How I Defuse My Anger

Everyone has a different rage profile, but we’ve all been there: There’s that subtle push, that incessant poking that gets under our skin until we burst in what, at the time, felt like righteous anger. The people closest to us get under our skin the fastest and with the littlest of things, but our real blood pressure spiking incidents happen on the outside. Read on after the jump for the method I use to defuse my anger and some relevant lessons to learn before hand.

As it turns out, there is a reason we lose our temper more readily later in the day. Human beings have a limited amount of will power and self-control. We spend the entire day exercising them. Whether it’s obeying the speed limit when we want to go faster, or denying ourselves that donut in the office, or biting back some smart remark we wanted to throw at our boss. Then after a day of biting your tongue and holding back, you’re stuck in traffic, someone cuts you off, news radio is poisoning your calm with whatever new inanity is coming out of congress. You get home and the significant other who has had a similar day is stressing you out over some petty insignificance like taking out the trash when you just want to put your feet up and decompress. So you explode. Things are said, doors are slammed, blood pressure rises, skin breaks out, stress levels spike, and the cycle continues all week.

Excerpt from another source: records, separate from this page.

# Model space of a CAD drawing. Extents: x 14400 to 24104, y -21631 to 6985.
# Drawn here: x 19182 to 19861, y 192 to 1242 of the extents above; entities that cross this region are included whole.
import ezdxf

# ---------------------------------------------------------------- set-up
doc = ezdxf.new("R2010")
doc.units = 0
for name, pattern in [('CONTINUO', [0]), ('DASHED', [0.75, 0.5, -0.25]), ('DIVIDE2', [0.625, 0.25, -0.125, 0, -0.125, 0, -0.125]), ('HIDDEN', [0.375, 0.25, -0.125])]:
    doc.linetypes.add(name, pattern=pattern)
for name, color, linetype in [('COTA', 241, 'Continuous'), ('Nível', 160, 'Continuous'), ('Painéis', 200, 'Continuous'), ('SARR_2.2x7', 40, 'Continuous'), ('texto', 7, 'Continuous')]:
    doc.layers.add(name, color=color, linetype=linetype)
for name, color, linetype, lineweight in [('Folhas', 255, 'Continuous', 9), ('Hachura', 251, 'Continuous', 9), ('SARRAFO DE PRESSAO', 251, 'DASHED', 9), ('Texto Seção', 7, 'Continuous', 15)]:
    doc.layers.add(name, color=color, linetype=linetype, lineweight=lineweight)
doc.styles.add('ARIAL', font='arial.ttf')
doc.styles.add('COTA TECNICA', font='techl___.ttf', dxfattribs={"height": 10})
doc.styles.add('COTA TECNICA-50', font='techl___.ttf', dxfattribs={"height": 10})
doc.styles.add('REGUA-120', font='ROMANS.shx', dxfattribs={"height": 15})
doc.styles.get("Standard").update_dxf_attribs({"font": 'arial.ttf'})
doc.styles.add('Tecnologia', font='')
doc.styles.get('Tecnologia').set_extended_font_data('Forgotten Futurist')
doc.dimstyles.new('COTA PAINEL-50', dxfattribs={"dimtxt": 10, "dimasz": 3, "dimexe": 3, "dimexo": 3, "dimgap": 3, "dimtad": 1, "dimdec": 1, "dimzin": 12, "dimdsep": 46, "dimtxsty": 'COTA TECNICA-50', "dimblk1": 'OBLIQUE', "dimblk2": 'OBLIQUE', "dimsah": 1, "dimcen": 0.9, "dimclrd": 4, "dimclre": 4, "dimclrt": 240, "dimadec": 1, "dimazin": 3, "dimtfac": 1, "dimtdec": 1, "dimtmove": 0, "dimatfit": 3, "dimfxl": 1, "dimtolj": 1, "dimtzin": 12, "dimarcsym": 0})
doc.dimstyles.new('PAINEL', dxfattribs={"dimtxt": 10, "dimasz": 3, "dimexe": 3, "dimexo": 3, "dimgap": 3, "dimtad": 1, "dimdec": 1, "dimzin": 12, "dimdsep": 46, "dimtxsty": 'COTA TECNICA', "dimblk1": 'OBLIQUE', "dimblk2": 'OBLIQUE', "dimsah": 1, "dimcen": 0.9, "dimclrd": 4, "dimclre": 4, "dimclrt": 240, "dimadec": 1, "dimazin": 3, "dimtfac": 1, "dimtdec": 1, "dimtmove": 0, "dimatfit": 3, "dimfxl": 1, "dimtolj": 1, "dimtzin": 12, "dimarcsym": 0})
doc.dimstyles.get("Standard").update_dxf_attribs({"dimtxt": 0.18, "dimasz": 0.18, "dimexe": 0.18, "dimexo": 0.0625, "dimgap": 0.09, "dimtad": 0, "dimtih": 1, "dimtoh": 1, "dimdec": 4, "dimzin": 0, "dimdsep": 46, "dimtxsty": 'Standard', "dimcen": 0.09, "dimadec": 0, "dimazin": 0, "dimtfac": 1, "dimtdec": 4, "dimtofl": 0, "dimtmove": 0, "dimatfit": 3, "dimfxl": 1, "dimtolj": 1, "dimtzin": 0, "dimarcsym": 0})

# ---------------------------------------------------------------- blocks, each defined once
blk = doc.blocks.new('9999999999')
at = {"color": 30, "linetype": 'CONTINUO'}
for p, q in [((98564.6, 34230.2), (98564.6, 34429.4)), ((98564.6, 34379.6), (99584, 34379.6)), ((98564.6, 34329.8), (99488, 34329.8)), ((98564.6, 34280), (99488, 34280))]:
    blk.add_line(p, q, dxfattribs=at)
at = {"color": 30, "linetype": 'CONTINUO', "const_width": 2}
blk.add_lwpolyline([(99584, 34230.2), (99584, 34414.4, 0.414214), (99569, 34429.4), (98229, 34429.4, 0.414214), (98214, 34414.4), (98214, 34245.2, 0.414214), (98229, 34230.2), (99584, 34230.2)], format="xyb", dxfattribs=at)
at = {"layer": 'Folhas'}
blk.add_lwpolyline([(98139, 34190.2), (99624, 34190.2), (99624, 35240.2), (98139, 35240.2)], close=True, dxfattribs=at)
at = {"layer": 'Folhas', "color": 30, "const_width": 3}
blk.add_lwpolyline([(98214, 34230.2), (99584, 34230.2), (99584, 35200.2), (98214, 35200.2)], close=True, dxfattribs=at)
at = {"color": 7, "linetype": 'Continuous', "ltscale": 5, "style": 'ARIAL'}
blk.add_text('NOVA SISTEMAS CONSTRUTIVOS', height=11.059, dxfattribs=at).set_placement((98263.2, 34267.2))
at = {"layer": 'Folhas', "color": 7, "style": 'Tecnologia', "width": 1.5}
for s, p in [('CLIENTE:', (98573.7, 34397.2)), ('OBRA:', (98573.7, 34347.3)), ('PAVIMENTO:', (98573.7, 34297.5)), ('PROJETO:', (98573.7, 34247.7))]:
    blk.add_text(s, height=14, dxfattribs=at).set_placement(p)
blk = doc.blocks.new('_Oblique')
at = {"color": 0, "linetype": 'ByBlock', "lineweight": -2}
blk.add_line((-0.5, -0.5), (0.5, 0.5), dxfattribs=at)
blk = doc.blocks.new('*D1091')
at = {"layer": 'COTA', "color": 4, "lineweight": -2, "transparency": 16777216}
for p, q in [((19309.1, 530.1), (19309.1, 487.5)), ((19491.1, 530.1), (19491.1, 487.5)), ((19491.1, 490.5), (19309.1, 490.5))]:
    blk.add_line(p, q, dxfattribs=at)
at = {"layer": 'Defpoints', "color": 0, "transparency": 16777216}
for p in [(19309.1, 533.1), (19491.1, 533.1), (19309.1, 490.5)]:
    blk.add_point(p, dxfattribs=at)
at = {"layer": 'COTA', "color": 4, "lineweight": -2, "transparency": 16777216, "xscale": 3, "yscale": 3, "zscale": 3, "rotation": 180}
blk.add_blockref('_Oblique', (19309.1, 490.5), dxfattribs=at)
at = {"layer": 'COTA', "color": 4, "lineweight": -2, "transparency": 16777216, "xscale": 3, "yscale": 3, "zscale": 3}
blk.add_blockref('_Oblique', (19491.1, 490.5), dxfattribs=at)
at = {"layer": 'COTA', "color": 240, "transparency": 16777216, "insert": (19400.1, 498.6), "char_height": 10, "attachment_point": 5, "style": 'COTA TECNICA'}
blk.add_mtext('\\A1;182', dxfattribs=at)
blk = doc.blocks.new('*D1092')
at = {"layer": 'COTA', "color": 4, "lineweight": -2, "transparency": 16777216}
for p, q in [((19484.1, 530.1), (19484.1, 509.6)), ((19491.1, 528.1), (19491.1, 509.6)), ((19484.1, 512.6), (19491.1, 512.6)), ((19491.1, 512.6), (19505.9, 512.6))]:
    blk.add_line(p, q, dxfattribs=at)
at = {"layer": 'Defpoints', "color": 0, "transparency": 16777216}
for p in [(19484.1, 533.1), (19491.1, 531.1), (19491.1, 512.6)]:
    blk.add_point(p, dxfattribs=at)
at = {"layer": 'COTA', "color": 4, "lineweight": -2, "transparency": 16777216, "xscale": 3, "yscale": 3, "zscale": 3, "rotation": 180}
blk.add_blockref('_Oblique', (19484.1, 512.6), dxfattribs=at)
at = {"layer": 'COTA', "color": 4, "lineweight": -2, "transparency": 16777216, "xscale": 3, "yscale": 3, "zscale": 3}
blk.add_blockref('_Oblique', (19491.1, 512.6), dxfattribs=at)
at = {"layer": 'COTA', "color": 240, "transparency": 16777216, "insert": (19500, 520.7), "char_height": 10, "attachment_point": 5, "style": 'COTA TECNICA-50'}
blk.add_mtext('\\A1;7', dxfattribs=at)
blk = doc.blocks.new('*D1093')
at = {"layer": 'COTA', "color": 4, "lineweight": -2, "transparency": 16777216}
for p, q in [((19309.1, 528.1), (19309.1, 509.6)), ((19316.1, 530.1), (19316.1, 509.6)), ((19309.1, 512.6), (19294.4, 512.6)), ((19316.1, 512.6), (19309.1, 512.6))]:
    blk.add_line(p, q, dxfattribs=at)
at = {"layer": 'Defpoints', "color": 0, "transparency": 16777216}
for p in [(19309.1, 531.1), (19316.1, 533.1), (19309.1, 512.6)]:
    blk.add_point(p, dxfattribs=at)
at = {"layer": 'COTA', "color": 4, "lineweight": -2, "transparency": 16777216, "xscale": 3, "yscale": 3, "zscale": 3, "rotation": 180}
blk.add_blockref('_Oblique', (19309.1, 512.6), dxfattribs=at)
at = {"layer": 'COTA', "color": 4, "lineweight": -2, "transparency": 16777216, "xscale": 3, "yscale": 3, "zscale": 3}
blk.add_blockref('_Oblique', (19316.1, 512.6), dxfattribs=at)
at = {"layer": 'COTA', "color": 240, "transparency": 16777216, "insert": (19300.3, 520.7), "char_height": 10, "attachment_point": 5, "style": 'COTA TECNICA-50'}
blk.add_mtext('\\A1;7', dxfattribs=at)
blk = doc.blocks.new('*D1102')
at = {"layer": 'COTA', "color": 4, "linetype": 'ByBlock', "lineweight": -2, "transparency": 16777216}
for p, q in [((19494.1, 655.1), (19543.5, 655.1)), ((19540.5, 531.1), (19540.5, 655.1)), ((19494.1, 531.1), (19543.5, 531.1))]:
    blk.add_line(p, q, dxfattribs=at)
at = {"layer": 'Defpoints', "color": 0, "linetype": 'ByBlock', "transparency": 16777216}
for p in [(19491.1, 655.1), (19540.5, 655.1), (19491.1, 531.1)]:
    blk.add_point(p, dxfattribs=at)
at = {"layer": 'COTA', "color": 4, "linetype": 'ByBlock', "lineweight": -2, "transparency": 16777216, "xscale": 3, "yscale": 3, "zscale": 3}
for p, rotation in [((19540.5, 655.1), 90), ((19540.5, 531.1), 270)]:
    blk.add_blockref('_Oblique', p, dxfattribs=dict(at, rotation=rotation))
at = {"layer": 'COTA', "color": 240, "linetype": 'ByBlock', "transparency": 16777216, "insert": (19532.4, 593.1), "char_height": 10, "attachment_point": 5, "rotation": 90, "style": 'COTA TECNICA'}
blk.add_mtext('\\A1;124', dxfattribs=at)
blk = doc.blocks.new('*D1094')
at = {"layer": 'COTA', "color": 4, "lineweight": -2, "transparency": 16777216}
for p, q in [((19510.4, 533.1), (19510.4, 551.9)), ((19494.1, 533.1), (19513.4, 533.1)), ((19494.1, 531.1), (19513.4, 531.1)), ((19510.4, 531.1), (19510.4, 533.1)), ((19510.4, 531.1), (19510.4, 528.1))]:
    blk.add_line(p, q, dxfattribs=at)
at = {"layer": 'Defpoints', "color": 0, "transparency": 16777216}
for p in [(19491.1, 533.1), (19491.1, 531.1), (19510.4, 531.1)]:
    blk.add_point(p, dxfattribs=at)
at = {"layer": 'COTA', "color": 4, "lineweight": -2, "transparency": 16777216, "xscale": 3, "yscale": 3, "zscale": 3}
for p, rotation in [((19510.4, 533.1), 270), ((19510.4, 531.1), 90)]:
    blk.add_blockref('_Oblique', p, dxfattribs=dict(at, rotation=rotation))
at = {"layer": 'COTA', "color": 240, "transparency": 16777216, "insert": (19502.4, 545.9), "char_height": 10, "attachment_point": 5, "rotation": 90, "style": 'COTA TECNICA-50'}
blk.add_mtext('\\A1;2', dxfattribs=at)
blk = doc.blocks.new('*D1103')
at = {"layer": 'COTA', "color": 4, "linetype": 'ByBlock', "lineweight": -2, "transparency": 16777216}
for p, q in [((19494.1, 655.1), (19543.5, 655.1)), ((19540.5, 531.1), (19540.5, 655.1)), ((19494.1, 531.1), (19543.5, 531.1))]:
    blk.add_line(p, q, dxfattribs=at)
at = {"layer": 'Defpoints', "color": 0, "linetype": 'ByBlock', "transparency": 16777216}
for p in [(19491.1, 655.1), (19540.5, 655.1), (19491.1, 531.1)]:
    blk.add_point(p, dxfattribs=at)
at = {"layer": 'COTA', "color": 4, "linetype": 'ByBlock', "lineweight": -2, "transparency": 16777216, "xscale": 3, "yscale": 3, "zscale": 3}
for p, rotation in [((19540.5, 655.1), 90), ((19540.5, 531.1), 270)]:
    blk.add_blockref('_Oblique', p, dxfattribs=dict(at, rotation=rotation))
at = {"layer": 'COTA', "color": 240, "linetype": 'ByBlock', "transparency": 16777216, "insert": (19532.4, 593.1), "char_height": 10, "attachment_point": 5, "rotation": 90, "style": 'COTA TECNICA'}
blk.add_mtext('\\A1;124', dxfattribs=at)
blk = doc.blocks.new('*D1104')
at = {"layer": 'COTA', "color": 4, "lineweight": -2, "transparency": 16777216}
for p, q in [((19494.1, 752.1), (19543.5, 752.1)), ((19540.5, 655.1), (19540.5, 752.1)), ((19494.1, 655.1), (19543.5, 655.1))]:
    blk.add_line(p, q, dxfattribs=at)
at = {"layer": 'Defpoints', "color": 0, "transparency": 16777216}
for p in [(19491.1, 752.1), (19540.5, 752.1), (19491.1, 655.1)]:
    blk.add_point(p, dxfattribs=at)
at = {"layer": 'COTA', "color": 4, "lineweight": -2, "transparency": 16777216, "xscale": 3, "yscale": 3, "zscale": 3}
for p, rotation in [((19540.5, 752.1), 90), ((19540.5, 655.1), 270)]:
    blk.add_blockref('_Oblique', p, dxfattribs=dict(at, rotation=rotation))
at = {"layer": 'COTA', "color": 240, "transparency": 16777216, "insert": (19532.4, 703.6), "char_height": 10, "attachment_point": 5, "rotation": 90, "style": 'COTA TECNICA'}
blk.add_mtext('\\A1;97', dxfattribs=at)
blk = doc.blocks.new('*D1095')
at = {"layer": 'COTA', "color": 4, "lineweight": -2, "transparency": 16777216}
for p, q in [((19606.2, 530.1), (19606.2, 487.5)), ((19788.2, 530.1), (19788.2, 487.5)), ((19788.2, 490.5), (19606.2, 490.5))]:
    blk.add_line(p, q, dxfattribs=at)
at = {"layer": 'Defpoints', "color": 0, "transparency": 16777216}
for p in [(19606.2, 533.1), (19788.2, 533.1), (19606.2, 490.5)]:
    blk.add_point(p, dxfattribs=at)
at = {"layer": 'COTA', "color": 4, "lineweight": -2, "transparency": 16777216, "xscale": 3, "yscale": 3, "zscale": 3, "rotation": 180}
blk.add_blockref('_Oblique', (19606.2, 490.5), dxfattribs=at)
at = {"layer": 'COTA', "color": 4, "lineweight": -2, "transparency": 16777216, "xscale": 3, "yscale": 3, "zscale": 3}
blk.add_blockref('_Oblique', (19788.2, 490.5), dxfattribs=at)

Even for people who don’t go through anything that extreme, we’ve all been in a situation where we know we should bite back our temper but we just can’t. Conventional anger management tells us we should count to ten, but that rarely works. Counting, as an idea, does actually work. Counting to ten is rarely enough though. The idea is that a pause will give your body a chance to dissipate that spike of adrenaline. It doesn’t diminish the anger; it just removes the primary chemical agent that triggers actual action.

With a modest amount of prep work and the guidance of the ancient Greek stoics, you can develop a powerful tool for defusing your anger without tapping into your reserves of will power and self-control much.

STOICS: THE CLIFFS NOTES AND THREE TYPES OF CONTROL

It would take too long to teach you the intricacies of stoicism, and I feel a little uncomfortable giving it the $5 treatment and taking some small part of it for self-help purposes. However, long before I started fully embracing the stoic lifestyle (I make it sound like I’ve been at this a while, but I only started recently), this and a few other techniques adopted from the stoics helped me get my stress and temper under control. Granted, I’ve always been very reserved so this may have been easier for someone of my temperament to adopt, but it doesn’t hurt to try. What you need to know is that a foundational concept in stoicism is the concept of “indifferents” (not indifference. I’m aware this is not a real word). Socrates posited that there are two types of good: material and intrinsic. In other words, having wealth, health, shelter and food is good (material) and having temperance, wisdom, etc. are good too (intrinsic). He then, in a lesson to Clinias, showed how the material goods are not actually good but pointless unless they are used properly. Food is only good if it can be eaten, otherwise, what’s the point? He points out also that they can be used for bad, like using your wealth to make someone miserable.

So according to Socrates, a material good if used with ignorance, is evil, and if not used, is pointless. The implication is that in order to utilize the material ‘good’ you need to have acquired the intrinsic good like temperance and wisdom. Zeno and his stoics would later take this to the logical end and say that all these things are indifferent until adequately utilized. They are neither good nor bad. This is the central premise. Nothing is really good or bad until we make it so. I’m sorry, I’ve just butchered and shortened a deeply complex and brilliant philosophy to try and get you to this point. First, you need to understand that everything outside the intrinsic goods is an indifferent. It is a thing, a place, a time that has no specific intention. When someone does something negative to you, the person is negative, you react negatively, but the thing they did was just a thing with no intention in and of itself. You need to keep that in mind for the next bit to make sense.

The stoics believe that there are three types of control: absolute, partial, and no control. Absolute control is something which you are able to completely affect. It happens because you are making it happen and will cease the moment you stop it. Barring any disaster, reading this is something you have absolute control over. You can stop at any time you please. Partial control, as the name implies, is something which you can only partly affect, but not completely. If you’re a boss, you can hire someone. You can’t control what they do or whether they follow your rules, but you can set rules and you can fire them. This power allows you to exert a certain measure of control, but there are huge swathes of it that you have no control over. No control is simple; this is completely outside your reach. For example, I have no control over the Japanese quake, or Hurricane Katrina, or women.

ANGER MANAGEMENT

So how can this knowledge help you defuse your anger? Let’s take a cue from the Dalai Lama (folks, I promise, I’m not some Zen hippie, I came to this stuff when I started thinking about why I’m always so calm. Why invent new words to describe what others have already so eloquently described?). The Dalai Lama once apparently said that worry is a pointless waste of time. Basically if you worry and you turn out to be wrong, you wasted all your energy and time, but if you worry and you turn out to be right, worry didn’t help you avert the crisis so what function did it serve? This is the same sort of dismissal you will need to tap into.